[Work to complete]
Given the entries that follow, write out exactly the lines starting at the one containing "#162=DIRECTION('',(0.,0.,1.));" and ending at the one containing "#170=FACE_BOUND('',#169,.T.);", both ends included, and only those.

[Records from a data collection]
= Beginning of Section =
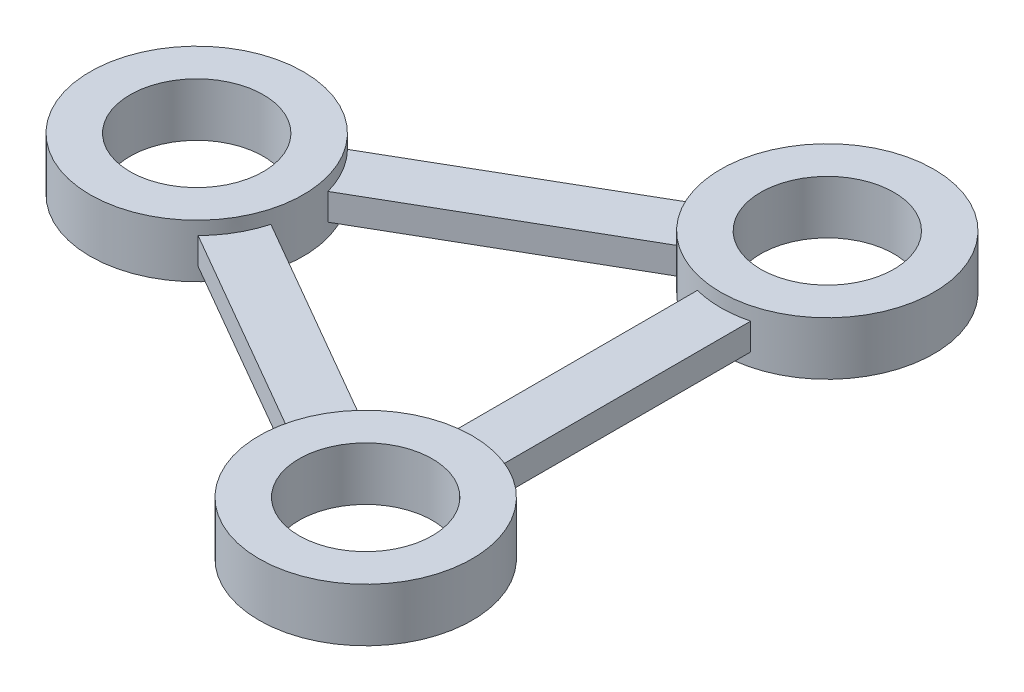
ISO-10303-21;
HEADER;
FILE_DESCRIPTION(('STEP AP214'),'2;1');
FILE_NAME('part.step','',(''),(''),'','','');
FILE_SCHEMA(('AUTOMOTIVE_DESIGN { 1 0 10303 214 1 1 1 1 }'));
ENDSEC;
DATA;
#1=APPLICATION_CONTEXT('core data for automotive mechanical design processes');
#2=APPLICATION_PROTOCOL_DEFINITION('international standard','automotive_design',2000,#1);
#3=PRODUCT_CONTEXT('',#1,'mechanical');
#4=PRODUCT('Part','Part','',(#3));
#5=PRODUCT_RELATED_PRODUCT_CATEGORY('part','',(#4));
#6=PRODUCT_DEFINITION_FORMATION('','',#4);
#7=PRODUCT_DEFINITION_CONTEXT('part definition',#1,'design');
#8=PRODUCT_DEFINITION('design','',#6,#7);
#9=PRODUCT_DEFINITION_SHAPE('','',#8);
#10=(LENGTH_UNIT() NAMED_UNIT(*) SI_UNIT(.MILLI.,.METRE.));
#11=(NAMED_UNIT(*) PLANE_ANGLE_UNIT() SI_UNIT($,.RADIAN.));
#12=(NAMED_UNIT(*) SI_UNIT($,.STERADIAN.) SOLID_ANGLE_UNIT());
#13=UNCERTAINTY_MEASURE_WITH_UNIT(LENGTH_MEASURE(1.E-05),#10,'distance_accuracy_value','');
#14=(GEOMETRIC_REPRESENTATION_CONTEXT(3) GLOBAL_UNCERTAINTY_ASSIGNED_CONTEXT((#13)) GLOBAL_UNIT_ASSIGNED_CONTEXT((#10,
#11,#12)) REPRESENTATION_CONTEXT('',''));
#15=CARTESIAN_POINT('',(0.,0.,0.));
#16=DIRECTION('',(0.,0.,1.));
#17=DIRECTION('',(1.,0.,0.));
#18=AXIS2_PLACEMENT_3D('',#15,#16,#17);
#19=CARTESIAN_POINT('',(-150.,-10.,0.));
#20=DIRECTION('',(0.,1.,0.));
#21=DIRECTION('',(0.,0.,1.));
#22=AXIS2_PLACEMENT_3D('',#19,#20,#21);
#23=CYLINDRICAL_SURFACE('',#22,40.0036895911492);
#24=CARTESIAN_POINT('',(-150.,-10.,0.));
#25=DIRECTION('',(0.,1.,0.));
#26=DIRECTION('',(0.,0.,1.));
#27=AXIS2_PLACEMENT_3D('',#24,#25,#26);
#28=CIRCLE('',#27,40.0036895911492);
#29=CARTESIAN_POINT('',(-150.,-10.,40.0036895911492));
#30=VERTEX_POINT('',#29);
#31=EDGE_CURVE('E11',#30,#30,#28,.T.);
#32=ORIENTED_EDGE('',*,*,#31,.T.);
#33=EDGE_LOOP('',(#32));
#34=FACE_BOUND('',#33,.T.);
#35=CARTESIAN_POINT('',(-150.,10.,0.));
#36=DIRECTION('',(0.,1.,0.));
#37=DIRECTION('',(0.,0.,1.));
#38=AXIS2_PLACEMENT_3D('',#35,#36,#37);
#39=CIRCLE('',#38,40.0036895911492);
#40=CARTESIAN_POINT('',(-150.,10.,40.0036895911492));
#41=VERTEX_POINT('',#40);
#42=EDGE_CURVE('E243',#41,#41,#39,.T.);
#43=ORIENTED_EDGE('',*,*,#42,.F.);
#44=EDGE_LOOP('',(#43));
#45=FACE_BOUND('',#44,.T.);
#46=DIRECTION('',(0.,1.,0.));
#47=VECTOR('',#46,1.);
#48=CARTESIAN_POINT('',(-111.455544285441,-5.,10.706078393763));
#49=LINE('',#48,#47);
#50=CARTESIAN_POINT('',(-111.455544285441,-5.,10.706078393763));
#51=VERTEX_POINT('',#50);
#52=CARTESIAN_POINT('',(-111.455544285441,5.,10.706078393763));
#53=VERTEX_POINT('',#52);
#54=EDGE_CURVE('E233',#51,#53,#49,.T.);
#55=ORIENTED_EDGE('',*,*,#54,.F.);
#56=CARTESIAN_POINT('',(-150.,-5.,0.));
#57=DIRECTION('',(0.,1.,0.));
#58=DIRECTION('',(0.,0.,1.));
#59=AXIS2_PLACEMENT_3D('',#56,#57,#58);
#60=CIRCLE('',#59,40.0036895911492);
#61=CARTESIAN_POINT('',(-121.455324279794,-5.,28.0267134879082));
#62=VERTEX_POINT('',#61);
#63=EDGE_CURVE('E221',#62,#51,#60,.T.);
#64=ORIENTED_EDGE('',*,*,#63,.F.);
#65=DIRECTION('',(0.,1.,0.));
#66=VECTOR('',#65,1.);
#67=CARTESIAN_POINT('',(-121.455324279794,-5.,28.0267134879082));
#68=LINE('',#67,#66);
#69=CARTESIAN_POINT('',(-121.455324279794,5.,28.0267134879082));
#70=VERTEX_POINT('',#69);
#71=EDGE_CURVE('E232',#62,#70,#68,.T.);
#72=ORIENTED_EDGE('',*,*,#71,.T.);
#73=CARTESIAN_POINT('',(-150.,5.,0.));
#74=DIRECTION('',(0.,1.,0.));
#75=DIRECTION('',(0.,0.,1.));
#76=AXIS2_PLACEMENT_3D('',#73,#74,#75);
#77=CIRCLE('',#76,40.0036895911492);
#78=EDGE_CURVE('E209',#70,#53,#77,.T.);
#79=ORIENTED_EDGE('',*,*,#78,.T.);
#80=EDGE_LOOP('',(#55,#64,#72,#79));
#81=FACE_BOUND('',#80,.T.);
#82=DIRECTION('',(0.,-1.,0.));
#83=VECTOR('',#82,1.);
#84=CARTESIAN_POINT('',(-121.455324279794,5.,-28.0267134879081));
#85=LINE('',#84,#83);
#86=CARTESIAN_POINT('',(-121.455324279794,5.,-28.0267134879081));
#87=VERTEX_POINT('',#86);
#88=CARTESIAN_POINT('',(-121.455324279794,-5.,-28.0267134879081));
#89=VERTEX_POINT('',#88);
#90=EDGE_CURVE('E146',#87,#89,#85,.T.);
#91=ORIENTED_EDGE('',*,*,#90,.T.);
#92=CARTESIAN_POINT('',(-150.,-5.,0.));
#93=DIRECTION('',(0.,1.,0.));
#94=DIRECTION('',(0.,0.,1.));
#95=AXIS2_PLACEMENT_3D('',#92,#93,#94);
#96=CIRCLE('',#95,40.0036895911492);
#97=CARTESIAN_POINT('',(-111.455544285441,-5.,-10.7060783937629));
#98=VERTEX_POINT('',#97);
#99=EDGE_CURVE('E142',#98,#89,#96,.T.);
#100=ORIENTED_EDGE('',*,*,#99,.F.);
#101=DIRECTION('',(0.,-1.,0.));
#102=VECTOR('',#101,1.);
#103=CARTESIAN_POINT('',(-111.455544285441,5.,-10.7060783937629));
#104=LINE('',#103,#102);
#105=CARTESIAN_POINT('',(-111.455544285441,5.,-10.7060783937629));
#106=VERTEX_POINT('',#105);
#107=EDGE_CURVE('E123',#106,#98,#104,.T.);
#108=ORIENTED_EDGE('',*,*,#107,.F.);
#109=CARTESIAN_POINT('',(-150.,5.,0.));
#110=DIRECTION('',(0.,1.,0.));
#111=DIRECTION('',(0.,0.,1.));
#112=AXIS2_PLACEMENT_3D('',#109,#110,#111);
#113=CIRCLE('',#112,40.0036895911492);
#114=EDGE_CURVE('E186',#106,#87,#113,.T.);
#115=ORIENTED_EDGE('',*,*,#114,.T.);
#116=EDGE_LOOP('',(#91,#100,#108,#115));
#117=FACE_BOUND('',#116,.T.);
#118=ADVANCED_FACE('F33',(#34,#45,#81,#117),#23,.T.);
#119=CARTESIAN_POINT('',(0.,-10.,-86.6));
#120=DIRECTION('',(0.,1.,0.));
#121=DIRECTION('',(0.,0.,1.));
#122=AXIS2_PLACEMENT_3D('',#119,#120,#121);
#123=CYLINDRICAL_SURFACE('',#122,40.);
#124=CARTESIAN_POINT('',(0.,-5.,-86.6));
#125=DIRECTION('',(0.,1.,0.));
#126=DIRECTION('',(0.,0.,1.));
#127=AXIS2_PLACEMENT_3D('',#124,#125,#126);
#128=CIRCLE('',#127,40.);
#129=CARTESIAN_POINT('',(-9.99999999999997,-5.,-47.8701665379258));
#130=VERTEX_POINT('',#129);
#131=CARTESIAN_POINT('',(9.99999999999997,-5.,-47.8701665379258));
#132=VERTEX_POINT('',#131);
#133=EDGE_CURVE('E148',#130,#132,#128,.T.);
#134=ORIENTED_EDGE('',*,*,#133,.F.);
#135=DIRECTION('',(0.,-1.,0.));
#136=VECTOR('',#135,1.);
#137=CARTESIAN_POINT('',(-9.99999999999997,5.,-47.8701665379258));
#138=LINE('',#137,#136);
#139=CARTESIAN_POINT('',(-9.99999999999997,5.,-47.8701665379258));
#140=VERTEX_POINT('',#139);
#141=EDGE_CURVE('E48',#140,#130,#138,.T.);
#142=ORIENTED_EDGE('',*,*,#141,.F.);
#143=CARTESIAN_POINT('',(0.,5.,-86.6));
#144=DIRECTION('',(0.,1.,0.));
#145=DIRECTION('',(0.,0.,1.));
#146=AXIS2_PLACEMENT_3D('',#143,#144,#145);
#147=CIRCLE('',#146,40.);
#148=CARTESIAN_POINT('',(9.99999999999997,5.,-47.8701665379258));
#149=VERTEX_POINT('',#148);
#150=EDGE_CURVE('E166',#140,#149,#147,.T.);
#151=ORIENTED_EDGE('',*,*,#150,.T.);
#152=DIRECTION('',(0.,-1.,0.));
#153=VECTOR('',#152,1.);
#154=CARTESIAN_POINT('',(9.99999999999997,5.,-47.8701665379258));
#155=LINE('',#154,#153);
#156=EDGE_CURVE('E55',#149,#132,#155,.T.);
#157=ORIENTED_EDGE('',*,*,#156,.T.);
#158=EDGE_LOOP('',(#134,#142,#151,#157));
#159=FACE_BOUND('',#158,.T.);
#160=CARTESIAN_POINT('',(0.,-10.,-86.6));
#161=DIRECTION('',(0.,1.,0.));
#162=DIRECTION('',(0.,0.,1.));
#163=AXIS2_PLACEMENT_3D('',#160,#161,#162);
#164=CIRCLE('',#163,40.);
#165=CARTESIAN_POINT('',(0.,-10.,-46.6));
#166=VERTEX_POINT('',#165);
#167=EDGE_CURVE('E183',#166,#166,#164,.T.);
#168=ORIENTED_EDGE('',*,*,#167,.T.);
#169=EDGE_LOOP('',(#168));
#170=FACE_BOUND('',#169,.T.);
#171=CARTESIAN_POINT('',(0.,10.,-86.6));
#172=DIRECTION('',(0.,1.,0.));
#173=DIRECTION('',(0.,0.,1.));
#174=AXIS2_PLACEMENT_3D('',#171,#172,#173);
#175=CIRCLE('',#174,40.);
#176=CARTESIAN_POINT('',(0.,10.,-46.6));
#177=VERTEX_POINT('',#176);
#178=EDGE_CURVE('E177',#177,#177,#175,.T.);
#179=ORIENTED_EDGE('',*,*,#178,.F.);
#180=EDGE_LOOP('',(#179));
#181=FACE_BOUND('',#180,.T.);
#182=CARTESIAN_POINT('',(0.,-5.,-86.6));
#183=DIRECTION('',(0.,1.,0.));
#184=DIRECTION('',(0.,0.,1.));
#185=AXIS2_PLACEMENT_3D('',#182,#183,#184);
#186=CIRCLE('',#185,40.);
#187=CARTESIAN_POINT('',(-38.5411556298566,-5.,-75.8958268551386));
#188=VERTEX_POINT('',#187);
#189=CARTESIAN_POINT('',(-28.5413756355035,-5.,-58.5751917609935));
#190=VERTEX_POINT('',#189);
#191=EDGE_CURVE('E144',#188,#190,#186,.T.);
#192=ORIENTED_EDGE('',*,*,#191,.F.);
#193=DIRECTION('',(0.,-1.,0.));
#194=VECTOR('',#193,1.);
#195=CARTESIAN_POINT('',(-38.5411556298566,5.,-75.8958268551386));
#196=LINE('',#195,#194);
#197=CARTESIAN_POINT('',(-38.5411556298566,5.,-75.8958268551386));
#198=VERTEX_POINT('',#197);
#199=EDGE_CURVE('E195',#198,#188,#196,.T.);
#200=ORIENTED_EDGE('',*,*,#199,.F.);
#201=CARTESIAN_POINT('',(0.,5.,-86.6));
#202=DIRECTION('',(0.,1.,0.));
#203=DIRECTION('',(0.,0.,1.));
#204=AXIS2_PLACEMENT_3D('',#201,#202,#203);
#205=CIRCLE('',#204,40.);
#206=CARTESIAN_POINT('',(-28.5413756355035,5.,-58.5751917609934));
#207=VERTEX_POINT('',#206);
#208=EDGE_CURVE('E189',#198,#207,#205,.T.);
#209=ORIENTED_EDGE('',*,*,#208,.T.);
#210=DIRECTION('',(0.,-1.,0.));
#211=VECTOR('',#210,1.);
#212=CARTESIAN_POINT('',(-28.5413756355035,5.,-58.5751917609935));
#213=LINE('',#212,#211);
#214=EDGE_CURVE('E135',#207,#190,#213,.T.);
#215=ORIENTED_EDGE('',*,*,#214,.T.);
#216=EDGE_LOOP('',(#192,#200,#209,#215));
#217=FACE_BOUND('',#216,.T.);
#218=ADVANCED_FACE('F253',(#159,#170,#181,#217),#123,.T.);
#219=CARTESIAN_POINT('',(-150.,-10.,0.));
#220=DIRECTION('',(0.,1.,0.));
#221=DIRECTION('',(0.,0.,1.));
#222=AXIS2_PLACEMENT_3D('',#219,#220,#221);
#223=CYLINDRICAL_SURFACE('',#222,25.);
#224=CARTESIAN_POINT('',(-150.,-10.,0.));
#225=DIRECTION('',(0.,1.,0.));
#226=DIRECTION('',(0.,0.,1.));
#227=AXIS2_PLACEMENT_3D('',#224,#225,#226);
#228=CIRCLE('',#227,25.);
#229=CARTESIAN_POINT('',(-150.,-10.,25.));
#230=VERTEX_POINT('',#229);
#231=EDGE_CURVE('E41',#230,#230,#228,.T.);
#232=ORIENTED_EDGE('',*,*,#231,.F.);
#233=EDGE_LOOP('',(#232));
#234=FACE_BOUND('',#233,.T.);
#235=CARTESIAN_POINT('',(-150.,10.,0.));
#236=DIRECTION('',(0.,1.,0.));
#237=DIRECTION('',(0.,0.,1.));
#238=AXIS2_PLACEMENT_3D('',#235,#236,#237);
#239=CIRCLE('',#238,25.);
#240=CARTESIAN_POINT('',(-150.,10.,25.));
#241=VERTEX_POINT('',#240);
#242=EDGE_CURVE('E235',#241,#241,#239,.T.);
#243=ORIENTED_EDGE('',*,*,#242,.T.);
#244=EDGE_LOOP('',(#243));
#245=FACE_BOUND('',#244,.T.);
#246=ADVANCED_FACE('F35',(#234,#245),#223,.F.);
#247=CARTESIAN_POINT('',(0.,-10.,0.));
#248=DIRECTION('',(0.,1.,0.));
#249=DIRECTION('',(0.,0.,1.));
#250=AXIS2_PLACEMENT_3D('',#247,#248,#249);
#251=PLANE('',#250);
#252=ORIENTED_EDGE('',*,*,#231,.T.);
#253=EDGE_LOOP('',(#252));
#254=FACE_BOUND('',#253,.T.);
#255=ORIENTED_EDGE('',*,*,#31,.F.);
#256=EDGE_LOOP('',(#255));
#257=FACE_BOUND('',#256,.T.);
#258=ADVANCED_FACE('F248',(#254,#257),#251,.F.);
#259=CARTESIAN_POINT('',(0.,10.,0.));
#260=DIRECTION('',(0.,1.,0.));
#261=DIRECTION('',(0.,0.,1.));
#262=AXIS2_PLACEMENT_3D('',#259,#260,#261);
#263=PLANE('',#262);
#264=ORIENTED_EDGE('',*,*,#242,.F.);
#265=EDGE_LOOP('',(#264));
#266=FACE_BOUND('',#265,.T.);
#267=ORIENTED_EDGE('',*,*,#42,.T.);
#268=EDGE_LOOP('',(#267));
#269=FACE_BOUND('',#268,.T.);
#270=ADVANCED_FACE('F256',(#266,#269),#263,.T.);
#271=CARTESIAN_POINT('',(-32.4984599786231,-5.,56.2906350668991));
#272=DIRECTION('',(-0.499988999717658,0.,0.86603175470726));
#273=DIRECTION('',(0.86603175470726,0.,0.499988999717658));
#274=AXIS2_PLACEMENT_3D('',#271,#272,#273);
#275=PLANE('',#274);
#276=DIRECTION('',(0.86603175470726,0.,0.499988999717658));
#277=VECTOR('',#276,1.);
#278=CARTESIAN_POINT('',(-32.4984599786231,5.,56.2906350668991));
#279=LINE('',#278,#277);
#280=CARTESIAN_POINT('',(-28.5413756355035,5.,58.5751917609934));
#281=VERTEX_POINT('',#280);
#282=EDGE_CURVE('E218',#53,#281,#279,.T.);
#283=ORIENTED_EDGE('',*,*,#282,.T.);
#284=DIRECTION('',(0.,1.,0.));
#285=VECTOR('',#284,1.);
#286=CARTESIAN_POINT('',(-28.5413756355035,-5.,58.5751917609934));
#287=LINE('',#286,#285);
#288=CARTESIAN_POINT('',(-28.5413756355035,-5.,58.5751917609934));
#289=VERTEX_POINT('',#288);
#290=EDGE_CURVE('E236',#289,#281,#287,.T.);
#291=ORIENTED_EDGE('',*,*,#290,.F.);
#292=DIRECTION('',(0.86603175470726,0.,0.499988999717658));
#293=VECTOR('',#292,1.);
#294=CARTESIAN_POINT('',(-32.4984599786231,-5.,56.2906350668991));
#295=LINE('',#294,#293);
#296=EDGE_CURVE('E229',#51,#289,#295,.T.);
#297=ORIENTED_EDGE('',*,*,#296,.F.);
#298=ORIENTED_EDGE('',*,*,#54,.T.);
#299=EDGE_LOOP('',(#283,#291,#297,#298));
#300=FACE_BOUND('',#299,.T.);
#301=ADVANCED_FACE('F259',(#300),#275,.F.);
#302=CARTESIAN_POINT('',(-42.4982399729762,-5.,73.6112701610443));
#303=DIRECTION('',(-0.499988999717658,0.,0.86603175470726));
#304=DIRECTION('',(0.86603175470726,0.,0.499988999717658));
#305=AXIS2_PLACEMENT_3D('',#302,#303,#304);
#306=PLANE('',#305);
#307=DIRECTION('',(0.86603175470726,0.,0.499988999717658));
#308=VECTOR('',#307,1.);
#309=CARTESIAN_POINT('',(-42.4982399729762,5.,73.6112701610443));
#310=LINE('',#309,#308);
#311=CARTESIAN_POINT('',(-38.5411556298566,5.,75.8958268551387));
#312=VERTEX_POINT('',#311);
#313=EDGE_CURVE('E212',#70,#312,#310,.T.);
#314=ORIENTED_EDGE('',*,*,#313,.F.);
#315=ORIENTED_EDGE('',*,*,#71,.F.);
#316=DIRECTION('',(0.86603175470726,0.,0.499988999717658));
#317=VECTOR('',#316,1.);
#318=CARTESIAN_POINT('',(-42.4982399729762,-5.,73.6112701610443));
#319=LINE('',#318,#317);
#320=CARTESIAN_POINT('',(-38.5411556298566,-5.,75.8958268551387));
#321=VERTEX_POINT('',#320);
#322=EDGE_CURVE('E224',#62,#321,#319,.T.);
#323=ORIENTED_EDGE('',*,*,#322,.T.);
#324=DIRECTION('',(0.,1.,0.));
#325=VECTOR('',#324,1.);
#326=CARTESIAN_POINT('',(-38.5411556298566,-5.,75.8958268551386));
#327=LINE('',#326,#325);
#328=EDGE_CURVE('E238',#321,#312,#327,.T.);
#329=ORIENTED_EDGE('',*,*,#328,.T.);
#330=EDGE_LOOP('',(#314,#315,#323,#329));
#331=FACE_BOUND('',#330,.T.);
#332=ADVANCED_FACE('F278',(#331),#306,.T.);
#333=CARTESIAN_POINT('',(0.,-5.,0.));
#334=DIRECTION('',(0.,1.,0.));
#335=DIRECTION('',(0.,0.,1.));
#336=AXIS2_PLACEMENT_3D('',#333,#334,#335);
#337=PLANE('',#336);
#338=ORIENTED_EDGE('',*,*,#63,.T.);
#339=ORIENTED_EDGE('',*,*,#296,.T.);
#340=CARTESIAN_POINT('',(0.,-5.,86.6));
#341=DIRECTION('',(0.,1.,0.));
#342=DIRECTION('',(0.,0.,1.));
#343=AXIS2_PLACEMENT_3D('',#340,#341,#342);
#344=CIRCLE('',#343,40.);
#345=EDGE_CURVE('E227',#321,#289,#344,.F.);
#346=ORIENTED_EDGE('',*,*,#345,.F.);
#347=ORIENTED_EDGE('',*,*,#322,.F.);
#348=EDGE_LOOP('',(#338,#339,#346,#347));
#349=FACE_BOUND('',#348,.T.);
#350=ADVANCED_FACE('F275',(#349),#337,.F.);
#351=CARTESIAN_POINT('',(0.,5.,0.));
#352=DIRECTION('',(0.,1.,0.));
#353=DIRECTION('',(0.,0.,1.));
#354=AXIS2_PLACEMENT_3D('',#351,#352,#353);
#355=PLANE('',#354);
#356=ORIENTED_EDGE('',*,*,#78,.F.);
#357=ORIENTED_EDGE('',*,*,#313,.T.);
#358=CARTESIAN_POINT('',(0.,5.,86.6));
#359=DIRECTION('',(0.,1.,0.));
#360=DIRECTION('',(0.,0.,1.));
#361=AXIS2_PLACEMENT_3D('',#358,#359,#360);
#362=CIRCLE('',#361,40.);
#363=EDGE_CURVE('E215',#312,#281,#362,.F.);
#364=ORIENTED_EDGE('',*,*,#363,.T.);
#365=ORIENTED_EDGE('',*,*,#282,.F.);
#366=EDGE_LOOP('',(#356,#357,#364,#365));
#367=FACE_BOUND('',#366,.T.);
#368=ADVANCED_FACE('F281',(#367),#355,.T.);
#369=CARTESIAN_POINT('',(0.,-10.,86.6));
#370=DIRECTION('',(0.,1.,0.));
#371=DIRECTION('',(0.,0.,1.));
#372=AXIS2_PLACEMENT_3D('',#369,#370,#371);
#373=CYLINDRICAL_SURFACE('',#372,40.);
#374=DIRECTION('',(0.,-1.,0.));
#375=VECTOR('',#374,1.);
#376=CARTESIAN_POINT('',(-9.99999999999997,5.,47.8701665379258));
#377=LINE('',#376,#375);
#378=CARTESIAN_POINT('',(-9.99999999999997,5.,47.8701665379258));
#379=VERTEX_POINT('',#378);
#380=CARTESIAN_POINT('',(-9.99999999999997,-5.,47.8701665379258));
= End of Section =
[Answer to the problem]
#162=DIRECTION('',(0.,0.,1.));
#163=AXIS2_PLACEMENT_3D('',#160,#161,#162);
#164=CIRCLE('',#163,40.);
#165=CARTESIAN_POINT('',(0.,-10.,-46.6));
#166=VERTEX_POINT('',#165);
#167=EDGE_CURVE('E183',#166,#166,#164,.T.);
#168=ORIENTED_EDGE('',*,*,#167,.T.);
#169=EDGE_LOOP('',(#168));
#170=FACE_BOUND('',#169,.T.);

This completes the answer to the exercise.